Ann Veronica looked at her thoughtfully for a moment, and decided to
persist on principle.

"But if you had?" she said.

"I can't imagine it," said Miss Miniver. "And think, think"—her voice
sank—"of the horrible coarseness!"

"What coarseness?" said Ann Veronica.

"My dear Vee!" Her voice became very low. "Don't you know?"

"Oh! I know—"

"Well—" Her face was an unaccustomed pink.

Ann Veronica ignored her friend's confusion.

"Don't we all rather humbug about the coarseness? All we women, I mean,"
said she. She decided to go on, after a momentary halt. "We pretend
bodies are ugly. Really they are the most beautiful things in the world.
We pretend we never think of everything that makes us what we are."

"No," cried Miss Miniver, almost vehemently. "You are wrong! I did not
think you thought such things. Bodies! Bodies! Horrible things! We are
souls. Love lives on a higher plane. We are not animals. If ever I
did meet a man I could love, I should love him"—her voice dropped
again—"platonically."

She made her glasses glint. "Absolutely platonically," she said.

"Soul to soul."

She turned her face to the fire, gripped her hands upon her elbows, and
drew her thin shoulders together in a shrug. "Ugh!" she said.

Ann Veronica watched her and wondered about her.

"We do not want the men," said Miss Miniver; "we do not want them, with
their sneers and loud laughter. Empty, silly, coarse brutes. Brutes!
They are the brute still with us! Science some day may teach us a way
to do without them. It is only the women matter. It is not every sort of
creature needs—these males. Some have no males."

"There's green-fly," admitted Ann Veronica. "And even then—"

The conversation hung for a thoughtful moment.

Ann Veronica readjusted her chin on her hand. "I wonder which of us is
right," she said. "I haven't a scrap—of this sort of aversion."

"Tolstoy is so good about this," said Miss Miniver, regardless of her
friend's attitude. "He sees through it all. The Higher Life and the
Lower. He sees men all defiled by coarse thoughts, coarse ways of living
cruelties. Simply because they are hardened by—by bestiality,
and poisoned by the juices of meat slain in anger and fermented
drinks—fancy! drinks that have been swarmed in by thousands and
thousands of horrible little bacteria!"

"It's yeast," said Ann Veronica—"a vegetable."

"It's all the same," said Miss Miniver. "And then they are swollen up
and inflamed and drunken with matter. They are blinded to all fine
and subtle things—they look at life with bloodshot eyes and dilated
nostrils. They are arbitrary and unjust and dogmatic and brutish and
lustful."

"But do you really think men's minds are altered by the food they eat?"

"I know it," said Miss Miniver. "Experte credo. When I am leading a true
life, a pure and simple life free of all stimulants and excitements, I
think—I think—oh! with pellucid clearness; but if I so much as take a
mouthful of meat—or anything—the mirror is all blurred."

Part 6

Then, arising she knew not how, like a new-born appetite, came a craving
in Ann Veronica for the sight and sound of beauty.
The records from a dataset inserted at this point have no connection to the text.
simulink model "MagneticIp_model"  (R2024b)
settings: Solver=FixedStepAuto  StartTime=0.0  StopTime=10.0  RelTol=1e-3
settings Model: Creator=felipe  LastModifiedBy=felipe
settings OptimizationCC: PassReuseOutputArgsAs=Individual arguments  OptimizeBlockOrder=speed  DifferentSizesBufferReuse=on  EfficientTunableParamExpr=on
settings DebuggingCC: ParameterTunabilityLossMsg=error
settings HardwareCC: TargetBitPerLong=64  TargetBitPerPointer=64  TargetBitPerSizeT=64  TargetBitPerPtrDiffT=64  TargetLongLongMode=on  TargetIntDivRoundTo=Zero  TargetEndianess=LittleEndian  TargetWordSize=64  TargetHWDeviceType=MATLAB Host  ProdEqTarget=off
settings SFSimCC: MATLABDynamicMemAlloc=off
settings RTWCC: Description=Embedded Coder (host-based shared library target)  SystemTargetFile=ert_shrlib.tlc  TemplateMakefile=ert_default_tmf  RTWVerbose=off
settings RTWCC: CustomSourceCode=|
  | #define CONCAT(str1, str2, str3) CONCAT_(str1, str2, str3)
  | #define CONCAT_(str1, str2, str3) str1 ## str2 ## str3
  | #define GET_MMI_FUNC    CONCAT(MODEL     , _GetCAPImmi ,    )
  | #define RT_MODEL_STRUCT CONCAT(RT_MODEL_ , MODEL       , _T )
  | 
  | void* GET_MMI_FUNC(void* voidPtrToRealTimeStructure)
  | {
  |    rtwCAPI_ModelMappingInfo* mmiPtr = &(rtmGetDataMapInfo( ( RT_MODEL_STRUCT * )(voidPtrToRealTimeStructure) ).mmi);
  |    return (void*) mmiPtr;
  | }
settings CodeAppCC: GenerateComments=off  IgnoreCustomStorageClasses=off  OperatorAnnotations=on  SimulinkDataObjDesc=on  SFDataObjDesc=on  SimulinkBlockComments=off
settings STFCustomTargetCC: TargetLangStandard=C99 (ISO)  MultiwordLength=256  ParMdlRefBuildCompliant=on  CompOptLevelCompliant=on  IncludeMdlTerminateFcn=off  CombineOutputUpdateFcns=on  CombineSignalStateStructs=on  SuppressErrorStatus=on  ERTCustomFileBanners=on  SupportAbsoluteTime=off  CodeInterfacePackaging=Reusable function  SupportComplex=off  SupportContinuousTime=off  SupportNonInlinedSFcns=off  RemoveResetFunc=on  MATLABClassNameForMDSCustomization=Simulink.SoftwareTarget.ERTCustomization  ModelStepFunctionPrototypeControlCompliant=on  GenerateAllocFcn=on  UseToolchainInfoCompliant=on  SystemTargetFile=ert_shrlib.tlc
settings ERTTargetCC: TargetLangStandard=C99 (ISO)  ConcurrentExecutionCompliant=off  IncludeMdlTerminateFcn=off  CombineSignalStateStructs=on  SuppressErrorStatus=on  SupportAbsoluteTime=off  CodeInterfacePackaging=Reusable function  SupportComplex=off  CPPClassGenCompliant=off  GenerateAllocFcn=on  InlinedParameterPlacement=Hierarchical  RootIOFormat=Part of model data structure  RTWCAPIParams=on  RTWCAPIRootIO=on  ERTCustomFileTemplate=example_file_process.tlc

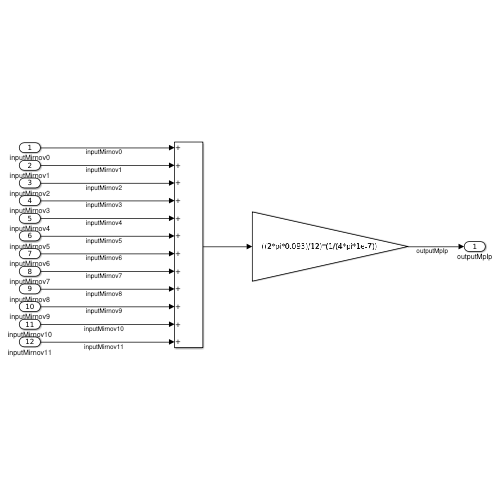
[thumbnail: Simulink's stored preview of the top-level diagram]
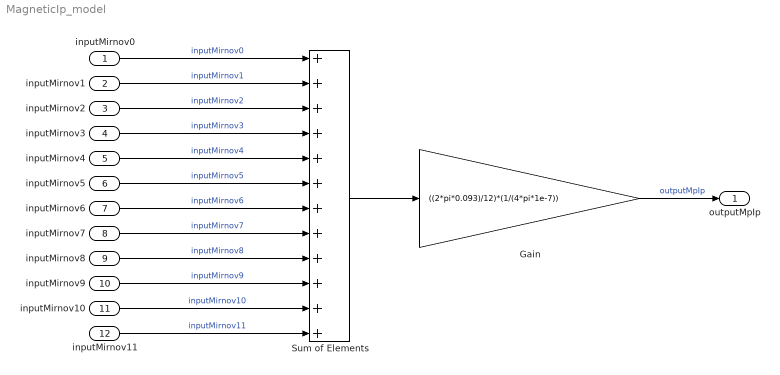
== system MagneticIp_model ==
  inputMirnov0 : Inport  OutDataTypeStr=double
  inputMirnov1 : Inport  Port=2  OutDataTypeStr=double
  inputMirnov2 : Inport  Port=3  OutDataTypeStr=double
  inputMirnov3 : Inport  Port=4  OutDataTypeStr=double
  inputMirnov4 : Inport  Port=5  OutDataTypeStr=double
  inputMirnov5 : Inport  Port=6  OutDataTypeStr=double
  inputMirnov6 : Inport  Port=7  OutDataTypeStr=double
  inputMirnov7 : Inport  Port=8  OutDataTypeStr=double
  inputMirnov8 : Inport  Port=9  OutDataTypeStr=double
  inputMirnov9 : Inport  Port=10  OutDataTypeStr=double
  inputMirnov10 : Inport  Port=11  OutDataTypeStr=double
  inputMirnov11 : Inport  Port=12  OutDataTypeStr=double
  Gain : Gain  Gain=((2*pi*0.093)/12)*(1/(4*pi*1e-7))
  Sum of Elements : Sum  Inputs=++++++++++++
  outputMpIp : Outport  OutDataTypeStr=double
  wires:
  inputMirnov5/1 -> Sum of Elements/6  "inputMirnov5"
  inputMirnov4/1 -> Sum of Elements/5  "inputMirnov4"
  inputMirnov0/1 -> Sum of Elements/1  "inputMirnov0"
  inputMirnov11/1 -> Sum of Elements/12  "inputMirnov11"
  inputMirnov10/1 -> Sum of Elements/11  "inputMirnov10"
  inputMirnov9/1 -> Sum of Elements/10  "inputMirnov9"
  inputMirnov8/1 -> Sum of Elements/9  "inputMirnov8"
  inputMirnov7/1 -> Sum of Elements/8  "inputMirnov7"
  inputMirnov6/1 -> Sum of Elements/7  "inputMirnov6"
  inputMirnov1/1 -> Sum of Elements/2  "inputMirnov1"
  inputMirnov2/1 -> Sum of Elements/3  "inputMirnov2"
  inputMirnov3/1 -> Sum of Elements/4  "inputMirnov3"
  Sum of Elements/1 -> Gain/1
  Gain/1 -> outputMpIp/1  "outputMpIp"

It was as if her aesthetic sense had become inflamed. Her mind turned
and accused itself of having been cold and hard. She began to look for
beauty and discover it in unexpected aspects and places. Hitherto she
had seen it chiefly in pictures and other works of art, incidentally,
and as a thing taken out of life. Now the sense of beauty was spreading
to a multitude of hitherto unsuspected aspects of the world about her.

The thought of beauty became an obsession. It interwove with her
biological work. She found herself asking more and more curiously, "Why,
on the principle of the survival of the fittest, have I any sense of
beauty at all?" That enabled her to go on thinking about beauty when it
seemed to her right that she should be thinking about biology.